Set down exactly the lines below, starting at the one that contains "#205=ORIENTED_EDGE('',*,*,#204,.T.);" and ending at the one that contains "#258=FACE_BOUND('',#257,.T.);", with both of those lines included and nothing else.

• **Material for the task**:
....

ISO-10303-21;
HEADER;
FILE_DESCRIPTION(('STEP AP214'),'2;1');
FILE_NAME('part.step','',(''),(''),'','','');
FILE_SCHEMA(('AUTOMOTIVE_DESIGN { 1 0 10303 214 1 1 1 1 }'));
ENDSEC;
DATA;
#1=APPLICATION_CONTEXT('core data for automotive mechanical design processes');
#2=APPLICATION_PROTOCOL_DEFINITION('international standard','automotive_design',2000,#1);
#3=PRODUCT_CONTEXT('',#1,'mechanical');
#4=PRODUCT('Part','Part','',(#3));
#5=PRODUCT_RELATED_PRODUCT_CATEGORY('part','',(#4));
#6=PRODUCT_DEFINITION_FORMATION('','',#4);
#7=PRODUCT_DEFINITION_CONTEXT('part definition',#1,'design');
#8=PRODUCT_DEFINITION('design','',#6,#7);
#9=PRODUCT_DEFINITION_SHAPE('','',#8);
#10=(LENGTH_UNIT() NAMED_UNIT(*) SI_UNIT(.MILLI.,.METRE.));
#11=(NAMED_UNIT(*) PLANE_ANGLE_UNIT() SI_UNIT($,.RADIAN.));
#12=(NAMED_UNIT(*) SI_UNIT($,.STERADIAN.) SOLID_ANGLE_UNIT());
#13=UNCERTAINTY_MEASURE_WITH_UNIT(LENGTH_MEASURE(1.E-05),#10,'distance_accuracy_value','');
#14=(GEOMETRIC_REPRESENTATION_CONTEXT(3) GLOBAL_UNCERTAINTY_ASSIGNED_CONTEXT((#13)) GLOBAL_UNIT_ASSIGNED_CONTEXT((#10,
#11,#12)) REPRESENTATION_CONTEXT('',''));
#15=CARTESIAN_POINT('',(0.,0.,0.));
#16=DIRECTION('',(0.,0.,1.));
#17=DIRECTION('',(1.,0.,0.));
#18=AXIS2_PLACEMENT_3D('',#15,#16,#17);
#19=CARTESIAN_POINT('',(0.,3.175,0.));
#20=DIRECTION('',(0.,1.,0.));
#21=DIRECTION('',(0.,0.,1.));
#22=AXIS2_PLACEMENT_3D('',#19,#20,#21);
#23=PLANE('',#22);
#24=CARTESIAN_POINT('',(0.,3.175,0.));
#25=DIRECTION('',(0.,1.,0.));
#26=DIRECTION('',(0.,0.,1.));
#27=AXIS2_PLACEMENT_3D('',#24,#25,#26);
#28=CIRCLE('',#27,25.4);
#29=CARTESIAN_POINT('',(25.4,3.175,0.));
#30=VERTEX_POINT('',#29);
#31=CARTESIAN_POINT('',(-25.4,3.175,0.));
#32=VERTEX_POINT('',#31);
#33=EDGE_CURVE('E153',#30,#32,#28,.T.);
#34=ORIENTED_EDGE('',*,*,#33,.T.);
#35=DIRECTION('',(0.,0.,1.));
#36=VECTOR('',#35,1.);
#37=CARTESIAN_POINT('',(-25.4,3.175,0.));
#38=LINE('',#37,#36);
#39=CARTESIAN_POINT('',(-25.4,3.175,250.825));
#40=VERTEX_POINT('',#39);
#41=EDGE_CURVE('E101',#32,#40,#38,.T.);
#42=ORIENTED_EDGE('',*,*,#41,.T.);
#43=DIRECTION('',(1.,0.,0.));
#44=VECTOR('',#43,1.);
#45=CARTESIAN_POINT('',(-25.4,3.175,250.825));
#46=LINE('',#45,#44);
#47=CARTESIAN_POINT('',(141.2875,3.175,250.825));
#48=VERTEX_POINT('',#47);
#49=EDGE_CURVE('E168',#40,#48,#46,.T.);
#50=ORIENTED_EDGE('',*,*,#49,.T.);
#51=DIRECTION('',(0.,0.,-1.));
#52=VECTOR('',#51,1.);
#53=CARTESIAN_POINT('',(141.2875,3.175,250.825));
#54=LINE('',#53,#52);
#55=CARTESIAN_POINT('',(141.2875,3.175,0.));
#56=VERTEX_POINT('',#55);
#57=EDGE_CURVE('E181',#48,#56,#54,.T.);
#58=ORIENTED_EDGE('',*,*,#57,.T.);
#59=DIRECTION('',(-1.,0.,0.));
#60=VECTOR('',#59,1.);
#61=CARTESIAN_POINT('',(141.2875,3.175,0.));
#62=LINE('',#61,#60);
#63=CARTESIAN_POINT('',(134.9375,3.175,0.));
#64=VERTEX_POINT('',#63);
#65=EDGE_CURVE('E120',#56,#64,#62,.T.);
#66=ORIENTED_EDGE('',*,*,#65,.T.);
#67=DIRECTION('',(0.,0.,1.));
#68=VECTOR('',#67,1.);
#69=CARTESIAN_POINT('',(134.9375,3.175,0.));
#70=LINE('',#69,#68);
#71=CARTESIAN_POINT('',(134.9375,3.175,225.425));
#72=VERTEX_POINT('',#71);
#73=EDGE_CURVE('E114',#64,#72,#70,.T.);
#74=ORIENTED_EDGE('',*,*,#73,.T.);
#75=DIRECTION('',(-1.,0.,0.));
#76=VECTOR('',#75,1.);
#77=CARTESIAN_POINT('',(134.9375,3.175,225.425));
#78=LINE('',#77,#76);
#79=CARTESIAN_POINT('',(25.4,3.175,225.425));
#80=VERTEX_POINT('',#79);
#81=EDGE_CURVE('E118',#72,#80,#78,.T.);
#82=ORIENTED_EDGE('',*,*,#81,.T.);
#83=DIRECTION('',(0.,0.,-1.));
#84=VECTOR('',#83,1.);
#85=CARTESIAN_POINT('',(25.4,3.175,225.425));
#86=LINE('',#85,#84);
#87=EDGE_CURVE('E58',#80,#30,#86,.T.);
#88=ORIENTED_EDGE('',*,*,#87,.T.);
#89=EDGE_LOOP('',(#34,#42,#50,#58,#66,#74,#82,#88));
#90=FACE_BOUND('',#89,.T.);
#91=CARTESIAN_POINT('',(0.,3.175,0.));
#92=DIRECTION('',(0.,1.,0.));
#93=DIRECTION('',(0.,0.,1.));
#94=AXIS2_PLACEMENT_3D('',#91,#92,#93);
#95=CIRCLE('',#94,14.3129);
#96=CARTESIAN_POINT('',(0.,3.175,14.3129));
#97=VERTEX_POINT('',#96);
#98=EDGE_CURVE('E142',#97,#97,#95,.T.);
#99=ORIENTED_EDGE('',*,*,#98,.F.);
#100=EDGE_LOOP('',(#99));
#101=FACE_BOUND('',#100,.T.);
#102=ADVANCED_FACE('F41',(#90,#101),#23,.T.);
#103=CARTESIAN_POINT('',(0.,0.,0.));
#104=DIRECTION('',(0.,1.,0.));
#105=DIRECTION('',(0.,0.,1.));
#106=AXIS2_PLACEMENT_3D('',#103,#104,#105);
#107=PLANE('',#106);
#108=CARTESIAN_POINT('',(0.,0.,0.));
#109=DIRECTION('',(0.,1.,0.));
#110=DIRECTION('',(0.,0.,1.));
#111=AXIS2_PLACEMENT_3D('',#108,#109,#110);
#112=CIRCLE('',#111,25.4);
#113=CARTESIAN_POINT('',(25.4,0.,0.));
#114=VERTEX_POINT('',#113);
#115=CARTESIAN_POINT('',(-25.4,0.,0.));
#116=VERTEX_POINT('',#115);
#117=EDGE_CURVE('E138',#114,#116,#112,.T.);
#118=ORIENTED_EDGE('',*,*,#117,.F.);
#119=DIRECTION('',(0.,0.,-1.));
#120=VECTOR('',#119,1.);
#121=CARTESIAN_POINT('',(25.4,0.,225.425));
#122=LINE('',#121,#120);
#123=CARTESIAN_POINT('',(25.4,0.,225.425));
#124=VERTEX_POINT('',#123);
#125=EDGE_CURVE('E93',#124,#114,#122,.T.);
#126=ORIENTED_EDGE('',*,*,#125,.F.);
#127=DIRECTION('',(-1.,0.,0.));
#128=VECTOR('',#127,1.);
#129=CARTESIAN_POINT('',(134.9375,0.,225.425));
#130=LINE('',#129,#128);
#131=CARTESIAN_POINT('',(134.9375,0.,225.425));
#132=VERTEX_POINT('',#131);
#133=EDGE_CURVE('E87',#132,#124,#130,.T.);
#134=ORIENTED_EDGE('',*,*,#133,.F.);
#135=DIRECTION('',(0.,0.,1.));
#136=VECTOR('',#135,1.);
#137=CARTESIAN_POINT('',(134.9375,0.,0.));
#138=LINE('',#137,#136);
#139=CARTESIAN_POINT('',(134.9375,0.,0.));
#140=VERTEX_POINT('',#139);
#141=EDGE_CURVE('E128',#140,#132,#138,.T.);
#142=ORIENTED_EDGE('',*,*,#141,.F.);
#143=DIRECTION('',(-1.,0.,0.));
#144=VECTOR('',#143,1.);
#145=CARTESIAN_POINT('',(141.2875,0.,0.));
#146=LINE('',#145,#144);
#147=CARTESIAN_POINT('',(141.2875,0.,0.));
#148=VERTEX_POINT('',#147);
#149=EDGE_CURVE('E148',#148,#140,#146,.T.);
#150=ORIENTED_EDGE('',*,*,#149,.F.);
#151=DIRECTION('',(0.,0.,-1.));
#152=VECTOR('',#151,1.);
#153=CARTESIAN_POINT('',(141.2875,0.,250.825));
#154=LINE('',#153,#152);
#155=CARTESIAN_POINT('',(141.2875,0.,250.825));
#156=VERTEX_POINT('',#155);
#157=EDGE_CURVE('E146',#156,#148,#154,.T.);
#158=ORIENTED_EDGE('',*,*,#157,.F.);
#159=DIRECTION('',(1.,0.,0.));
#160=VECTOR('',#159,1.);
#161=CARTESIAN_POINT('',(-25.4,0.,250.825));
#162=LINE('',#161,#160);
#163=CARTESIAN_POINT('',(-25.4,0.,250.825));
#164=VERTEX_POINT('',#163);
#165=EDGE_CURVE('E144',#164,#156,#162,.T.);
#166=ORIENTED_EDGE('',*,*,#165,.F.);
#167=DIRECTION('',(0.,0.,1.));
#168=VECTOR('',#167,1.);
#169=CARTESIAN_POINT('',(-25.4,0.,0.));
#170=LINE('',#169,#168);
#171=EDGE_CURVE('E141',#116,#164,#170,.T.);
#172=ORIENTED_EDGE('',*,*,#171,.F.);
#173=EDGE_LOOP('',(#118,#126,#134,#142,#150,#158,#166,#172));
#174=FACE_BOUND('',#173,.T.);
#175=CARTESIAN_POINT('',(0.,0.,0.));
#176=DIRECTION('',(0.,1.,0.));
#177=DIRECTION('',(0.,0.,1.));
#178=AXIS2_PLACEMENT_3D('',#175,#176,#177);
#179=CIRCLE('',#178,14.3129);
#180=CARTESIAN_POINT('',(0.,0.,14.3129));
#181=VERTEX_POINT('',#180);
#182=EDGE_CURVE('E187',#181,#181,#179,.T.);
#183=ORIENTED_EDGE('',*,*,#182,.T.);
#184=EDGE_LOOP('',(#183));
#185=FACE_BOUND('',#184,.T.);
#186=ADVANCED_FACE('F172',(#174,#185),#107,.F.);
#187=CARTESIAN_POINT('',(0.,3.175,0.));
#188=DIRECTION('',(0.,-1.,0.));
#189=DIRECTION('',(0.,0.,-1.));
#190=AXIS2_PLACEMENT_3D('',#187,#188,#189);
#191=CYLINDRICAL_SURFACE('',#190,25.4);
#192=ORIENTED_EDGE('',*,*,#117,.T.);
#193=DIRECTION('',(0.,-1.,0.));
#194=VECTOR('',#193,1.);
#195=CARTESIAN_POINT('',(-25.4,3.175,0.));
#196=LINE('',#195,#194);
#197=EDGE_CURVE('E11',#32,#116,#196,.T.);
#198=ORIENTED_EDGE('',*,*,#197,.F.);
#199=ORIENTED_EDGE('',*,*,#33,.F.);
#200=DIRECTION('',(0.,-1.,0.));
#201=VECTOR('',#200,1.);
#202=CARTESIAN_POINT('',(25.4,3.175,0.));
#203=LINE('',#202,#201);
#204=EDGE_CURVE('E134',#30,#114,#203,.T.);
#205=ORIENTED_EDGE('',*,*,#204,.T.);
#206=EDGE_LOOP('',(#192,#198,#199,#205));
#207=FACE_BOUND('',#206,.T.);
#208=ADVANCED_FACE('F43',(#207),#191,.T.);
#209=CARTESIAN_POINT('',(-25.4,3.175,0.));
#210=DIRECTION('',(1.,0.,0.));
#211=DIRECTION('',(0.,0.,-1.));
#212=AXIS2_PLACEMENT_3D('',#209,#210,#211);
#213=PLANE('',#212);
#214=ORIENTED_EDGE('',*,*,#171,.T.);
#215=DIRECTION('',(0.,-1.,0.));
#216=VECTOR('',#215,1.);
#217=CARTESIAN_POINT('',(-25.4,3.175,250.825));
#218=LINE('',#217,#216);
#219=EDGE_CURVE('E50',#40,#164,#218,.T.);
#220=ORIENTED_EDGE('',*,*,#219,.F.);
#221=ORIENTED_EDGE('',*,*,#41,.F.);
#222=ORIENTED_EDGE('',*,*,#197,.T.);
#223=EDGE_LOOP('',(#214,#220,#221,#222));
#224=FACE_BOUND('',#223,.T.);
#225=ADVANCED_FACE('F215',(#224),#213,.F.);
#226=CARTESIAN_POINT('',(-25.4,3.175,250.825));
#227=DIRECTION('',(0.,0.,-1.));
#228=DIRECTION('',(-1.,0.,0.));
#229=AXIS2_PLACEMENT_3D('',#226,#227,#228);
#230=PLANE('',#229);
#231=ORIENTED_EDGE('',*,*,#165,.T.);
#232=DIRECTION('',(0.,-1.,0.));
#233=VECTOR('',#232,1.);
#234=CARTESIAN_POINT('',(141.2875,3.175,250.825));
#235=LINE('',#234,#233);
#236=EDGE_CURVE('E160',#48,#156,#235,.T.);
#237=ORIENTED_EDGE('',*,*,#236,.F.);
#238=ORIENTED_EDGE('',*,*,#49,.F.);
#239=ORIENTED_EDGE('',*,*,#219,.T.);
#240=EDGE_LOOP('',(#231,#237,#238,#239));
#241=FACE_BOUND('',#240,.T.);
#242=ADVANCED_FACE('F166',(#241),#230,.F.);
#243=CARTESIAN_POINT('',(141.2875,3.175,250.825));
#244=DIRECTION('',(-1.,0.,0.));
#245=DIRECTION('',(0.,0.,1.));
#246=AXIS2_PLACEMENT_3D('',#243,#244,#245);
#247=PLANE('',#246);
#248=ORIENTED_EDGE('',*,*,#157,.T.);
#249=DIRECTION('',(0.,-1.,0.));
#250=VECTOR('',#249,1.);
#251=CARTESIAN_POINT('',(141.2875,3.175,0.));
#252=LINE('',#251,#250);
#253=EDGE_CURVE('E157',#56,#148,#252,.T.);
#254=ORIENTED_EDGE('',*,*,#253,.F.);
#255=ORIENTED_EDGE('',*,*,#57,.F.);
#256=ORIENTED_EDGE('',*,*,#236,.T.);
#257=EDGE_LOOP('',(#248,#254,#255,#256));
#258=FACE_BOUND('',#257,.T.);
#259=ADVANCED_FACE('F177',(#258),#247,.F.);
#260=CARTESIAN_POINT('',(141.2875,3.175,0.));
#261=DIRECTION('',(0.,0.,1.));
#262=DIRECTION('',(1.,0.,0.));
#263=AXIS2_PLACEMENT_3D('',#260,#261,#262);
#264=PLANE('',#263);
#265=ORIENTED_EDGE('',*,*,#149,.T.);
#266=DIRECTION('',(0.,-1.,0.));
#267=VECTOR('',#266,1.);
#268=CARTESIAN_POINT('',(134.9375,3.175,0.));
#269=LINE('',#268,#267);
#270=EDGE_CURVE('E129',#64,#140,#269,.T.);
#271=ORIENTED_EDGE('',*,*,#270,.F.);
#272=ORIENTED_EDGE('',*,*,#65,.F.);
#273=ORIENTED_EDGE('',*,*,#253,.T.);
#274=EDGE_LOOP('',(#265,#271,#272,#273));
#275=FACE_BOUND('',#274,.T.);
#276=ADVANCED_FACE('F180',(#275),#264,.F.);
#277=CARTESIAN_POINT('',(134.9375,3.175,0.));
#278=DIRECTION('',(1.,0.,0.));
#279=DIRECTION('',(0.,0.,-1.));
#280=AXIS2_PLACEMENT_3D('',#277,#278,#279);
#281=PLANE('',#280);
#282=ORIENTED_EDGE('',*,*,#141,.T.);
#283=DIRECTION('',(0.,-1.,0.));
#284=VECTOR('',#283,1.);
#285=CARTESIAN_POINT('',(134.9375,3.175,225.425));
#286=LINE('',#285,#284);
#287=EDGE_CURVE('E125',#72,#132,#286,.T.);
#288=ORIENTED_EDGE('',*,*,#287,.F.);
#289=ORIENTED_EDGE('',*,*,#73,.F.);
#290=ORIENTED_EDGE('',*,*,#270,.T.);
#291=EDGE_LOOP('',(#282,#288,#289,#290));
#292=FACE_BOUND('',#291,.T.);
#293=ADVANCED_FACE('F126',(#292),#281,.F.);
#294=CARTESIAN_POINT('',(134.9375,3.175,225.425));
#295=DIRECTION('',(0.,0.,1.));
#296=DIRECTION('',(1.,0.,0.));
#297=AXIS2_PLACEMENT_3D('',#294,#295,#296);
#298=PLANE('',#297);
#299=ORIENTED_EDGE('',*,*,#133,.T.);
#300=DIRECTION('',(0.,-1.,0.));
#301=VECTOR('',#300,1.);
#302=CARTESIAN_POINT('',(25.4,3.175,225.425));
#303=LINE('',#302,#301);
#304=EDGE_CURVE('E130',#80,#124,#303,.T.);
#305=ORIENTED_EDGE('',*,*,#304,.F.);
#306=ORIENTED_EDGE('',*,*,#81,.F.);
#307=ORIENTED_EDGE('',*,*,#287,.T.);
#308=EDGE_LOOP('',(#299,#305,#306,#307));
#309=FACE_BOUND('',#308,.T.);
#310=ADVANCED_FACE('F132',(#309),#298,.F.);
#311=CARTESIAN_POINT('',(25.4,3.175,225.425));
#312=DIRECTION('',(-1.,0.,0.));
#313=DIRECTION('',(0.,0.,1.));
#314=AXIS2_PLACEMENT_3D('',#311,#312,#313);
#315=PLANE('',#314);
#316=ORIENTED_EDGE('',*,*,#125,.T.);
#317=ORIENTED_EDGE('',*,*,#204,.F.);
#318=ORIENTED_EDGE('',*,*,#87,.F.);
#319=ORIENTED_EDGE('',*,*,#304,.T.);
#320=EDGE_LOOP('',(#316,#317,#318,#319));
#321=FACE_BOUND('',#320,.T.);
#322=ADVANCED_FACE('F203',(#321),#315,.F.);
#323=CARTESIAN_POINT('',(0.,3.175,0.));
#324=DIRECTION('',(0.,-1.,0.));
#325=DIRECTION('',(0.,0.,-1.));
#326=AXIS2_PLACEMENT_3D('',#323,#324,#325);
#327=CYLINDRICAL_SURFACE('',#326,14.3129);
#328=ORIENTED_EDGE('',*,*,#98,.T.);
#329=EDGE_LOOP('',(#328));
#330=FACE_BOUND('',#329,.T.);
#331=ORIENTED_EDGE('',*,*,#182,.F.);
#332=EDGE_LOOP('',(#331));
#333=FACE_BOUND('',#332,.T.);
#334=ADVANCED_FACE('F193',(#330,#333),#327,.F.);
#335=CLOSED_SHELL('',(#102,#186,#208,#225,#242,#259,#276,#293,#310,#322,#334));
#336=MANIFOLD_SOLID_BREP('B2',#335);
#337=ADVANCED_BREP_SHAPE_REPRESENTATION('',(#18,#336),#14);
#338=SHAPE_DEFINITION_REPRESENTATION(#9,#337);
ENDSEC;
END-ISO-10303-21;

....

• **Answer box**:
#205=ORIENTED_EDGE('',*,*,#204,.T.);
#206=EDGE_LOOP('',(#192,#198,#199,#205));
#207=FACE_BOUND('',#206,.T.);
#208=ADVANCED_FACE('F43',(#207),#191,.T.);
#209=CARTESIAN_POINT('',(-25.4,3.175,0.));
#210=DIRECTION('',(1.,0.,0.));
#211=DIRECTION('',(0.,0.,-1.));
#212=AXIS2_PLACEMENT_3D('',#209,#210,#211);
#213=PLANE('',#212);
#214=ORIENTED_EDGE('',*,*,#171,.T.);
#215=DIRECTION('',(0.,-1.,0.));
#216=VECTOR('',#215,1.);
#217=CARTESIAN_POINT('',(-25.4,3.175,250.825));
#218=LINE('',#217,#216);
#219=EDGE_CURVE('E50',#40,#164,#218,.T.);
#220=ORIENTED_EDGE('',*,*,#219,.F.);
#221=ORIENTED_EDGE('',*,*,#41,.F.);
#222=ORIENTED_EDGE('',*,*,#197,.T.);
#223=EDGE_LOOP('',(#214,#220,#221,#222));
#224=FACE_BOUND('',#223,.T.);
#225=ADVANCED_FACE('F215',(#224),#213,.F.);
#226=CARTESIAN_POINT('',(-25.4,3.175,250.825));
#227=DIRECTION('',(0.,0.,-1.));
#228=DIRECTION('',(-1.,0.,0.));
#229=AXIS2_PLACEMENT_3D('',#226,#227,#228);
#230=PLANE('',#229);
#231=ORIENTED_EDGE('',*,*,#165,.T.);
#232=DIRECTION('',(0.,-1.,0.));
#233=VECTOR('',#232,1.);
#234=CARTESIAN_POINT('',(141.2875,3.175,250.825));
#235=LINE('',#234,#233);
#236=EDGE_CURVE('E160',#48,#156,#235,.T.);
#237=ORIENTED_EDGE('',*,*,#236,.F.);
#238=ORIENTED_EDGE('',*,*,#49,.F.);
#239=ORIENTED_EDGE('',*,*,#219,.T.);
#240=EDGE_LOOP('',(#231,#237,#238,#239));
#241=FACE_BOUND('',#240,.T.);
#242=ADVANCED_FACE('F166',(#241),#230,.F.);
#243=CARTESIAN_POINT('',(141.2875,3.175,250.825));
#244=DIRECTION('',(-1.,0.,0.));
#245=DIRECTION('',(0.,0.,1.));
#246=AXIS2_PLACEMENT_3D('',#243,#244,#245);
#247=PLANE('',#246);
#248=ORIENTED_EDGE('',*,*,#157,.T.);
#249=DIRECTION('',(0.,-1.,0.));
#250=VECTOR('',#249,1.);
#251=CARTESIAN_POINT('',(141.2875,3.175,0.));
#252=LINE('',#251,#250);
#253=EDGE_CURVE('E157',#56,#148,#252,.T.);
#254=ORIENTED_EDGE('',*,*,#253,.F.);
#255=ORIENTED_EDGE('',*,*,#57,.F.);
#256=ORIENTED_EDGE('',*,*,#236,.T.);
#257=EDGE_LOOP('',(#248,#254,#255,#256));
#258=FACE_BOUND('',#257,.T.);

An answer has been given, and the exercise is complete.